How to: deep belly breathing
You’ve probably heard the advice “take a deep breath” a hundred times. And it’s true—deep breathing is a simple and effective tool to manage stress, anxiety, and depression. But what you may not know is how to actually breathe deeply.
You’ve probably heard the advice “take a deep breath” a hundred times. And it’s true—deep breathing is a simple and effective tool to manage stress, anxiety, and depression. But what you may not know is how to actually breathe deeply.
Let’s try this: take a moment, get comfortable, and take a deep breath. You probably felt your lungs fill up, your chest rise and fall. Maybe you feel a bit more relaxed. This is all great, but according to breath experts (yes, it’s a thing), we can do better.
Most of us breathe from our chests rather than fully engaging our diaphragm, which is just next to our bellies. Breathing all the way into the diaphragm—really filling up on the inhale all the way to the bottom of our stomachs—produces a different physiological response than chest breathing. It can reduce blood pressure, increase the amount of oxygen in your blood, and reduce heart rate, to name a few benefits (of many). Some holistic practitioners also say that this breathing helps root into your core, allowing you to feel more grounded and clear.
Deep belly breathing (also called diaphragmatic breathing) can be a helpful tool in navigating the stress and anxiety associated with loss.
How to do deep belly breathing
Here’s how you can learn to do deep belly breathing on your own (adapted from this tutorial). It may feel a little unnatural at first if you’re like many people who breathe through their chests, but over time you can make it a routine practice. Aim for 3 good breaths in a row.
Disclaimer: If you have a lung condition like COPD or asthma, speak with your healthcare provider before trying any type of breathing exercise. If you feel lightheaded at any time, discontinue the breathing exercise.
Step 1: Get comfortable
You’ll want to start in a comfortable position, sitting or lying down on your back. Your posture should feel relaxed but not slouched.
Step 2: Place a hand on your upper chest
This will help you observe where your breath is really coming from.
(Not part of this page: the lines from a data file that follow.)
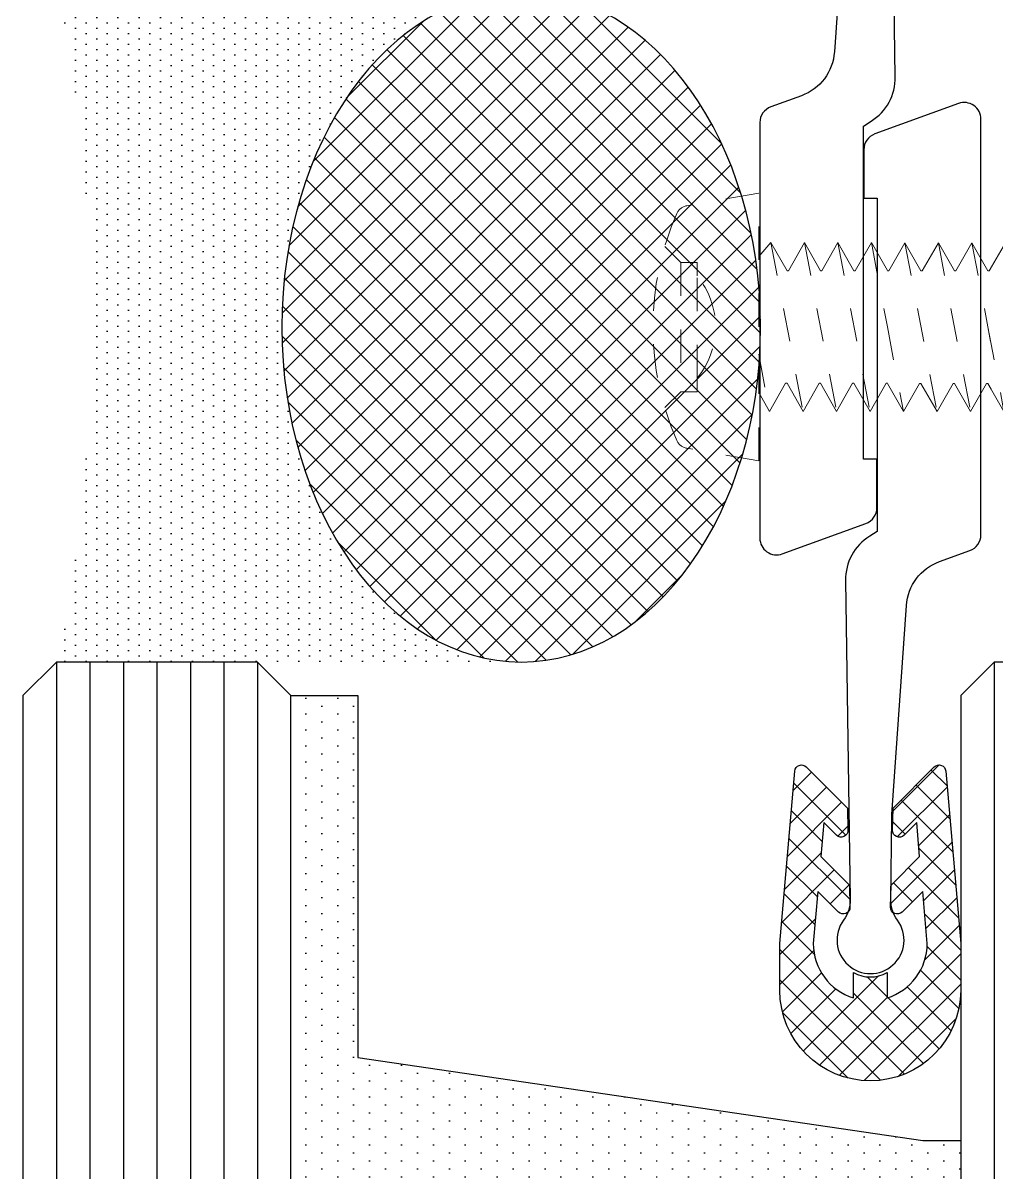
# Model space of a CAD drawing. Header units: inches. Extents: x -772 to 6765, y -813 to 4093.
# Drawn here: x -66.626 to -63.72, y 2069.35 to 2072.782 of the extents above; entities that cross this region are included whole.
import ezdxf

# ---------------------------------------------------------------- set-up
doc = ezdxf.new("R2010")
doc.units = ezdxf.units.IN
doc.header["$MEASUREMENT"] = 0
doc.linetypes.add('HIDDEN2', pattern=[0.1875, 0.125, -0.0625])
for name, color, linetype in [('aksoy_aksesuar', 40, 'Continuous'), ('aksoy_bant', 1, 'Continuous'), ('aksoy_block', 7, 'Continuous'), ('aksoy_detaytarama', 252, 'Continuous'), ('aksoy_fitil', 1, 'Continuous'), ('aksoy_silikon', 1, 'Continuous'), ('H_FAC_Cam', 153, 'Continuous')]:
    doc.layers.add(name, color=color, linetype=linetype)
doc.layers.add('aksoy_vida', color=8, linetype='Continuous', lineweight=0)

# ---------------------------------------------------------------- blocks, each defined once
blk = doc.blocks.new('0340175')
at = {"layer": 'aksoy_aksesuar'}
blk.add_lwpolyline([(4.658628444225997, 8.380285449624353, 0.01454234695920362), (4.745794385418776, 8.38377176450831), (10.98968463714982, 8.8156467999288, 0.2964189637032179), (12.2957194313517, 9.799041288569242), (12.62801320374547, 10.71201092484625, -0.3152987888789837), (13.09785951413824, 11.0410008531835), (25.49999996236738, 11.0410008531835, -0.5205670505517391), (25.96984627276015, 10.36999078151985), (25.06094587313191, 7.872807457009003, -0.3152987888789839), (24.59109956273915, 7.543817528671752), (23.14120333184383, 7.543817528671752), (23.14120333184383, 7.943828639134153), (13.1999999623672, 7.943828639134153), (13.05405627921618, 7.719204945035926, -0.2684808038618933), (11.73478393463165, 7), (2.211868420019528, 7.133329419611982, 0.1666355691980386), (1.593219421835784, 6.938727325669788, -1.979593738999512), (1.593661075418368, 8.548593246373457, 0.166356542833372), (2.2111175279083, 8.353625259790533), (4.658628663790296, 8.380285452016324)], format="xyb", close=True, dxfattribs=at)
blk = doc.blocks.new('RYN_0809850', base_point=(63.7, -37.626821))
at = {"layer": 'aksoy_detaytarama', "extrusion": (0, 0, -1)}
h = blk.add_hatch(dxfattribs=at)
h.set_pattern_fill('ANSI37', color=256, scale=0.2, angle=89.99999999999999)
h.set_pattern_definition([(135, (5448.026925652659, -3473.270843129746), (-0.4490128060534578, -0.4490128060534575), []), (225, (5448.026925652659, -3473.270843129746), (0.4490128060534575, -0.4490128060534578), [])])
edge = h.paths.add_edge_path()
edge.add_ellipse((-67.20720083135656, -33.37902416937787), major_axis=(-0.199999735221808, 0), ratio=1, start_angle=178.5402787016214, end_angle=314.99999985132024, ccw=False)
edge.add_line((-67.00726599999962, -33.38411899999983), (-67.02409199999965, -34.04444400000011))
edge.add_line((-67.02409199999965, -34.04444400000011), (-67.87447400000019, -34.89482600000019))
edge.add_line((-67.87447400000019, -34.89482600000019), (-67.78618000000006, -35.91045399999985))
edge.add_line((-67.78618000000006, -35.91045399999985), (-67.40763499999957, -35.53190899999981))
edge.add_ellipse((-67.26621333135652, -35.67333036906111), major_axis=(-0.2000002299722526, 0), ratio=1, start_angle=178.5403395368569, end_angle=315.0000606865575, ccw=False)
edge.add_line((-67.06627800000024, -35.67842500000006), (-67.0831049999997, -36.33874999999989))
edge.add_line((-67.0831049999997, -36.33874999999989), (-68.3125970000001, -37.56824199999983))
edge.add_ellipse((-68.45401855161757, -37.42682083334337), major_axis=(-0.2000000041009146, 0), ratio=1, start_angle=4.9686603744862055, end_angle=135.0000779820015, ccw=False)
edge.add_line((-68.65326699999969, -37.44414300000017), (-69.10005499999988, -32.30002800000011))
edge.add_line((-69.10005499999988, -32.30002800000011), (-69.10005499999988, -30.90002800000002))
edge.add_ellipse((-66.40002749999985, -30.90002800000002), major_axis=(-2.700027500000033, 0), ratio=1, start_angle=180, end_angle=360, ccw=False)
edge.add_line((-63.69999999999982, -30.90002800000002), (-63.69999999999982, -32.29854599999999))
edge.add_line((-63.69999999999982, -32.29854599999999), (-64.14733700000033, -37.44414300000017))
edge.add_ellipse((-64.34658494838229, -37.4268210663304), major_axis=(-0.1999994858005309, 0), ratio=1, start_angle=44.99997610709897, end_angle=175.0313937146134, ccw=False)
edge.add_line((-64.48800599999959, -37.56824199999983), (-65.71749900000032, -36.33874999999989))
edge.add_line((-65.71749900000032, -36.33874999999989), (-65.73432500000035, -35.67842500000006))
edge.add_ellipse((-65.53439016864333, -35.67333016937788), major_axis=(-0.1999997352219033, 0), ratio=1, start_angle=-134.99999985125692, end_angle=1.4597212984431849, ccw=False)
edge.add_line((-65.39296899999954, -35.53190899999981), (-65.01391899999999, -35.91095899999982))
edge.add_line((-65.01391899999999, -35.91095899999982), (-64.92558000000008, -34.89482600000019))
edge.add_line((-64.92558000000008, -34.89482600000019), (-65.77596300000005, -34.04444400000011))
edge.add_line((-65.77596300000005, -34.04444400000011), (-65.79278900000008, -33.38411899999983))
edge.add_ellipse((-65.5928541686436, -33.37902416937769), major_axis=(-0.1999997352213624, 0), ratio=1, start_angle=-134.9999998512655, end_angle=1.4597212984348857, ccw=False)
edge.add_line((-65.45143300000018, -33.23760300000004), (-64.83509099999992, -33.85394499999984))
edge.add_line((-64.83509099999992, -33.85394499999984), (-64.69999999999982, -32.30002800000011))
edge.add_ellipse((-66.40002664500905, -32.30002626663323), major_axis=(-1.700026645010115, 0), ratio=1, start_angle=179.9999415805588, end_angle=252.9053506225568)
edge.add_line((-65.90030200000001, -30.67510600000014), (-65.90030200000001, -31.43381200000022))
edge.add_ellipse((-66.4000274602546, -32.30002647922605), major_axis=(-1.000026529471666, 0), ratio=1, start_angle=240.019038660178, end_angle=300.0172868628155)
edge.add_line((-66.90030200000001, -31.43412900000021), (-66.90030200000001, -30.67510600000014))
edge.add_ellipse((-66.40057735499097, -32.30002626663323), major_axis=(-1.700026645010119, 0), ratio=1, start_angle=-72.90535062255681, end_angle=5.841944114494875e-05)
edge.add_line((-68.1006040000002, -32.30002800000011), (-67.96496399999978, -33.85394499999984))
edge.add_line((-67.96496399999978, -33.85394499999984), (-67.34862200000043, -33.23760300000004))
at = {"layer": 'aksoy_fitil'}
blk.add_lwpolyline([(67.34862200000043, -33.23760300000004, 0.677431), (67.00726599999962, -33.38411899999983), (67.02409199999965, -34.04444400000011), (67.87447400000019, -34.89482600000019), (67.78618000000006, -35.91045399999985), (67.40763499999957, -35.53190899999981, 0.677431), (67.06627800000024, -35.67842500000006), (67.0831049999997, -36.33874999999989), (68.3125970000001, -37.56824199999983, 0.637263), (68.65326699999969, -37.44414300000017), (69.10005499999988, -32.30002800000011), (69.10005499999988, -30.90002800000002, 1), (63.69999999999982, -30.90002800000002), (63.69999999999982, -32.29854599999999), (64.14733700000033, -37.44414300000017, 0.637263), (64.48800599999959, -37.56824199999983), (65.71749900000032, -36.33874999999989), (65.73432500000035, -35.67842500000006, 0.677431), (65.39296899999954, -35.53190899999981), (65.01391899999999, -35.91095899999982), (64.92558000000008, -34.89482600000019), (65.77596300000005, -34.04444400000011), (65.79278900000008, -33.38411899999983, 0.677431), (65.45143300000018, -33.23760300000004), (64.83509099999992, -33.85394499999984), (64.69999999999982, -32.30002800000011, -0.329293), (65.90030200000001, -30.67510600000014), (65.90030200000001, -31.43381200000022, -0.267941), (66.90030200000001, -31.43412900000021), (66.90030200000001, -30.67510600000014, -0.329293), (68.1006040000002, -32.30002800000011), (67.96496399999978, -33.85394499999984), (67.34862200000043, -33.23760300000004)], format="xyb", close=True, dxfattribs=at)
blk = doc.blocks.new('RYN_0535462', base_point=(-3.157513, 0))
at = {"layer": 'aksoy_vida', "linetype": 'HIDDEN2', "ltscale": 0.2}
for p, q in [((0, 7.998099999999795), (-2.14951099999962, 7.617672999999741)), ((0, 0), (0, 7.998099999999795)), ((-2.805811999999605, 6.406192000000374), (-2.328787999999804, 5.929167999999663)), ((0.3656320000000051, 6.518694000000323), (0, 6.100620000000163)), ((0.3656320000000051, 6.518694000000323), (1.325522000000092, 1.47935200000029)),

If you're engaging your diaphragm (deep belly breaths) properly, this hand should remain relatively still as you breathe in and out.
Step 3: Place the other hand below your ribcage
The other hand should rest on your belly, just above your navel. This will allow you to feel your diaphragm move as you breathe.
Step 4: Breathe in through your nose
The air going into your nose should move downward so that you feel your stomach rise with your other hand. It’s important not to force your abdominal muscles in the movement, just let your belly fill and expand without straining. The movement (and the airflow) should be smooth. Remember that the hand resting on your chest should remain relatively still.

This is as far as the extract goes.